• **REQUIRED WORK**
Read through the entries below and copy each line where "blocks" turns up.

*** SUPPLIED DATA Section Begins ***

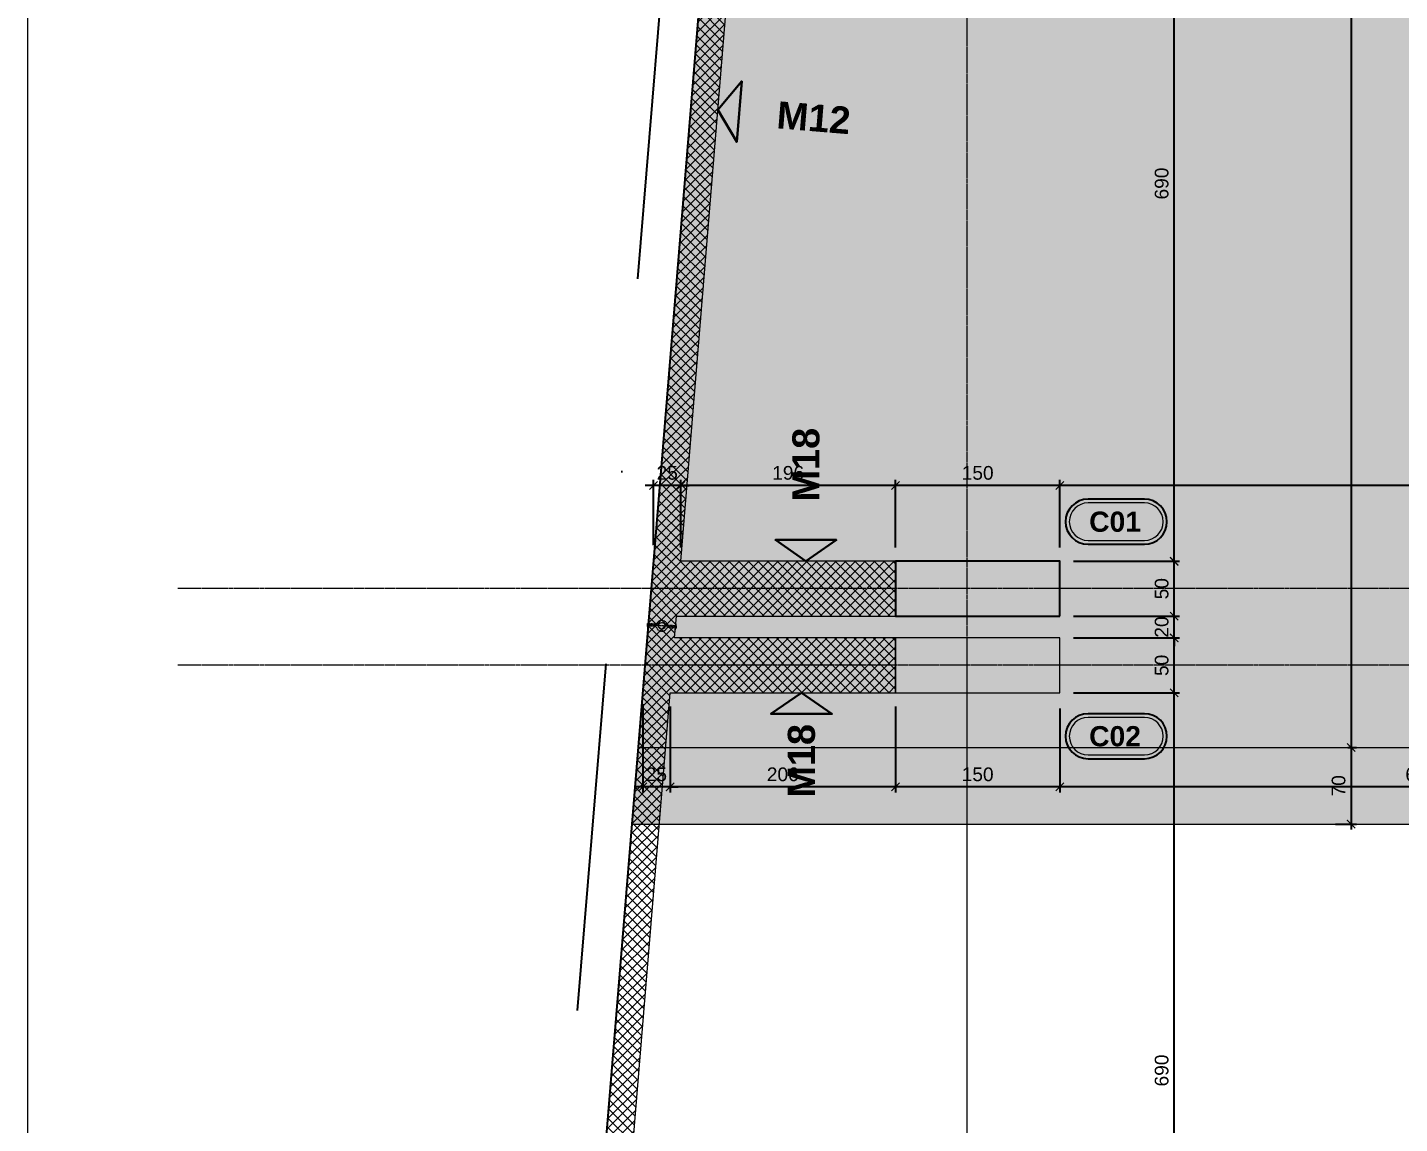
# Model space of a CAD drawing. Header units: inches. Extents: x 22 to 5410, y 6 to 6984.
# Drawn here: x 22 to 1274, y 2624 to 3625 of the extents above; entities that cross this region are included whole.
import ezdxf
from ezdxf.enums import TextEntityAlignment as Align

# ---------------------------------------------------------------- set-up
doc = ezdxf.new("R2010")
doc.units = ezdxf.units.IN
doc.header["$MEASUREMENT"] = 0
for name, pattern in [('23486-A01$0${ Chain Double-Dash }', [0]), ('AXES', [2, 1.25, -0.25, 0.25, -0.25]), ('CACHE', [0.375, 0.25, -0.125]), ('CONTINU', [0]), ('Dot & Dashed', [335.138881, 158.75, -88.194444, 0, -88.194437])]:
    doc.linetypes.add(name, pattern=pattern)
for name, color, linetype in [('AXES', 10, 'AXES'), ('BETON CACHE', 4, 'CACHE'), ('BETON COUPE', 3, 'CONTINU'), ('BETON TRAME', 254, 'Continuous'), ('BORD', 5, 'Continuous'), ('COTE 50ème', 1, 'Continuous'), ('ELEVATION', 150, 'Continuous'), ('PILIER', 7, 'Continuous')]:
    doc.layers.add(name, color=color, linetype=linetype)
doc.layers.add('BETON HACHURE', color=252, linetype='Continuous', lineweight=13)
doc.layers.add('JOINT JEKTO', color=150, linetype='AXES', lineweight=35)
doc.layers.add('FMULT', color=150, linetype='Continuous', plot=False)
doc.layers.add('FOND DE FOUILLE', color=7, linetype='Continuous', true_color=0xfff3e5)
doc.layers.add('PREFA MUR SUP TRAME', color=7, linetype='Continuous', true_color=0xd7c7ff)
doc.layers.add('HORS GEL', color=7, linetype='CACHE', lineweight=5, true_color=0x00661a)
doc.styles.add('BRMNAMES', font='swisseb.ttf', dxfattribs={"height": 20})
doc.styles.add('RS_TXT_50', font='arial.ttf', dxfattribs={"height": 12.5})
doc.dimstyles.new('RS_50CM_LINEAIRE', dxfattribs={"dimscale": 5, "dimtxt": 12.5, "dimasz": 1.5, "dimexe": 1, "dimexo": 2.5, "dimgap": 1, "dimtad": 1, "dimdec": 1, "dimrnd": 0.5, "dimdsep": 46, "dimtxsty": 'RS_TXT_50', "dimblk1": 'ARCHTICK', "dimblk2": 'ARCHTICK', "dimsah": 1, "dimcen": 2.5, "dimdle": 1, "dimclrt": 4, "dimadec": 0, "dimazin": 2, "dimtfac": 1, "dimtdec": 1, "dimtix": 1, "dimtmove": 2, "dimatfit": 3, "dimfxl": 1, "dimtolj": 1, "dimtzin": 0, "dimarcsym": 0})

# ---------------------------------------------------------------- blocks, each defined once
blk = doc.blocks.new('PILIER')
at = {"color": 252}
blk.add_lwpolyline([(1.563, 1.2), (-1.437, 1.2, 1), (-1.437, -1.2), (1.563, -1.2, 1), (1.563, 1.2, -1)], format="xyb", dxfattribs=at)
at = {"color": 10, "lineweight": 20}
blk.add_lwpolyline([(1.563, 1), (-1.437, 1, 1), (-1.437, -1), (1.563, -1, 1)], format="xyb", close=True, dxfattribs=at)
at = {"color": 7, "style": 'BRMNAMES'}
blk.add_attdef('PILIER_TEXTE', text='', height=1.076, dxfattribs=at).set_placement((0, 0), align=Align.MIDDLE_CENTER)
blk = doc.blocks.new('ELEVATION _2')
blk.add_hatch(color=0).paths.add_polyline_path([(1.218, -0.851), (0, 0), (-1.218, -0.851)])
at = {"color": 0, "lineweight": 30}
blk.add_lwpolyline([(0, 0), (1.218, -0.851), (-1.218, -0.851), (0, 0)], dxfattribs=at)
at = {"color": 0, "style": 'BRMNAMES'}
blk.add_attdef('ELEVATION_TEXTE', text='', height=1.076, rotation=90, dxfattribs=at).set_placement((0, -1.251), align=Align.MIDDLE_RIGHT)
blk = doc.blocks.new('_ArchTick')
at = {"color": 0, "linetype": 'ByBlock', "const_width": 0.15}
blk.add_lwpolyline([(-0.5, -0.5), (0.5, 0.5)], dxfattribs=at)
blk = doc.blocks.new('*D469')
at = {"layer": 'COTE 50ème', "color": 0, "lineweight": -2, "transparency": 16777216}
for p, q in [((964.2, 3003.2), (964.2, 2926.6)), ((1624.2, 3003.2), (1624.2, 2926.6)), ((1629.2, 2931.6), (959.2, 2931.6))]:
    blk.add_line(p, q, dxfattribs=at)
at = {"layer": 'Defpoints', "color": 0, "transparency": 16777216}
for p in [(964.2, 3015.7), (1624.2, 3015.7), (964.2, 2931.6)]:
    blk.add_point(p, dxfattribs=at)
at = {"layer": 'COTE 50ème', "color": 0, "lineweight": -2, "transparency": 16777216, "xscale": 7.5, "yscale": 7.5, "zscale": 7.5, "rotation": 180}
blk.add_blockref('_ArchTick', (964.2, 2931.6), dxfattribs=at)
at = {"layer": 'COTE 50ème', "color": 0, "lineweight": -2, "transparency": 16777216, "xscale": 7.5, "yscale": 7.5, "zscale": 7.5}
blk.add_blockref('_ArchTick', (1624.2, 2931.6), dxfattribs=at)
at = {"layer": 'COTE 50ème', "color": 4, "transparency": 16777216, "insert": (1294.2, 2943), "char_height": 12.5, "attachment_point": 5, "style": 'RS_TXT_50'}
blk.add_mtext('\\A1;660', dxfattribs=at)
blk = doc.blocks.new('*D470')
at = {"layer": 'COTE 50ème', "color": 0, "lineweight": -2, "transparency": 16777216}
for p, q in [((814.2, 3005.1), (814.2, 2926.6)), ((964.2, 3003.2), (964.2, 2926.6)), ((969.2, 2931.6), (809.2, 2931.6))]:
    blk.add_line(p, q, dxfattribs=at)
at = {"layer": 'Defpoints', "color": 0, "transparency": 16777216}
for p in [(814.2, 3017.6), (964.2, 3015.7), (814.2, 2931.6)]:
    blk.add_point(p, dxfattribs=at)
at = {"layer": 'COTE 50ème', "color": 0, "lineweight": -2, "transparency": 16777216, "xscale": 7.5, "yscale": 7.5, "zscale": 7.5, "rotation": 180}
blk.add_blockref('_ArchTick', (814.2, 2931.6), dxfattribs=at)
at = {"layer": 'COTE 50ème', "color": 0, "lineweight": -2, "transparency": 16777216, "xscale": 7.5, "yscale": 7.5, "zscale": 7.5}
blk.add_blockref('_ArchTick', (964.2, 2931.6), dxfattribs=at)
at = {"layer": 'COTE 50ème', "color": 4, "transparency": 16777216, "insert": (889.2, 2943), "char_height": 12.5, "attachment_point": 5, "style": 'RS_TXT_50'}
blk.add_mtext('\\A1;150', dxfattribs=at)
blk = doc.blocks.new('*D471')
at = {"layer": 'COTE 50ème', "color": 0, "lineweight": -2, "transparency": 16777216}
for p, q in [((608.4, 3005.1), (608.4, 2926.6)), ((814.2, 3005.1), (814.2, 2926.6)), ((819.2, 2931.6), (603.4, 2931.6))]:
    blk.add_line(p, q, dxfattribs=at)
at = {"layer": 'Defpoints', "color": 0, "transparency": 16777216}
for p in [(608.4, 3017.6), (814.2, 3017.6), (608.4, 2931.6)]:
    blk.add_point(p, dxfattribs=at)
at = {"layer": 'COTE 50ème', "color": 0, "lineweight": -2, "transparency": 16777216, "xscale": 7.5, "yscale": 7.5, "zscale": 7.5, "rotation": 180}
blk.add_blockref('_ArchTick', (608.4, 2931.6), dxfattribs=at)
at = {"layer": 'COTE 50ème', "color": 0, "lineweight": -2, "transparency": 16777216, "xscale": 7.5, "yscale": 7.5, "zscale": 7.5}
blk.add_blockref('_ArchTick', (814.2, 2931.6), dxfattribs=at)
at = {"layer": 'COTE 50ème', "color": 4, "transparency": 16777216, "insert": (711.3, 2943), "char_height": 12.5, "attachment_point": 5, "style": 'RS_TXT_50'}
blk.add_mtext('\\A1;206', dxfattribs=at)
blk = doc.blocks.new('*D472')
at = {"layer": 'COTE 50ème', "color": 0, "lineweight": -2, "transparency": 16777216}
for p, q in [((583.5, 3007.2), (583.5, 2926.6)), ((608.4, 3005.1), (608.4, 2926.6)), ((583.5, 2931.6), (576, 2931.6)), ((608.4, 2931.6), (583.5, 2931.6)), ((608.4, 2931.6), (615.9, 2931.6))]:
    blk.add_line(p, q, dxfattribs=at)
at = {"layer": 'Defpoints', "color": 0, "transparency": 16777216}
for p in [(583.5, 3019.7), (608.4, 3017.6), (583.5, 2931.6)]:
    blk.add_point(p, dxfattribs=at)
at = {"layer": 'COTE 50ème', "color": 0, "lineweight": -2, "transparency": 16777216, "xscale": 7.5, "yscale": 7.5, "zscale": 7.5}
blk.add_blockref('_ArchTick', (583.5, 2931.6), dxfattribs=at)
at = {"layer": 'COTE 50ème', "color": 0, "lineweight": -2, "transparency": 16777216, "xscale": 7.5, "yscale": 7.5, "zscale": 7.5, "rotation": 180}
blk.add_blockref('_ArchTick', (608.4, 2931.6), dxfattribs=at)
at = {"layer": 'COTE 50ème', "color": 4, "transparency": 16777216, "insert": (595.9, 2943), "char_height": 12.5, "attachment_point": 5, "style": 'RS_TXT_50'}
blk.add_mtext('\\A1;25', dxfattribs=at)
blk = doc.blocks.new('*D488')
at = {"layer": 'COTE 50ème', "color": 0, "lineweight": -2, "transparency": 16777216}
for p, q in [((1634.2, 3206.9), (959.2, 3206.9)), ((964.2, 3150.1), (964.2, 3211.9)), ((1629.2, 3150.1), (1629.2, 3211.9))]:
    blk.add_line(p, q, dxfattribs=at)
at = {"layer": 'Defpoints', "color": 0, "transparency": 16777216}
for p in [(964.2, 3206.9), (964.2, 3137.6), (1629.2, 3137.6)]:
    blk.add_point(p, dxfattribs=at)
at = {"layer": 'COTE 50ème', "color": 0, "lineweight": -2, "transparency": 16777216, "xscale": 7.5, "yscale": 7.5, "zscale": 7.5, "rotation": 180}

*** SUPPLIED DATA Section Ends ***

• **EXERCISE RESPONSE**
# ---------------------------------------------------------------- blocks, each defined once
blk = doc.blocks.new('PILIER')
blk = doc.blocks.new('ELEVATION _2')
blk = doc.blocks.new('_ArchTick')
blk = doc.blocks.new('*D469')
blk = doc.blocks.new('*D470')
blk = doc.blocks.new('*D471')
blk = doc.blocks.new('*D472')
blk = doc.blocks.new('*D488')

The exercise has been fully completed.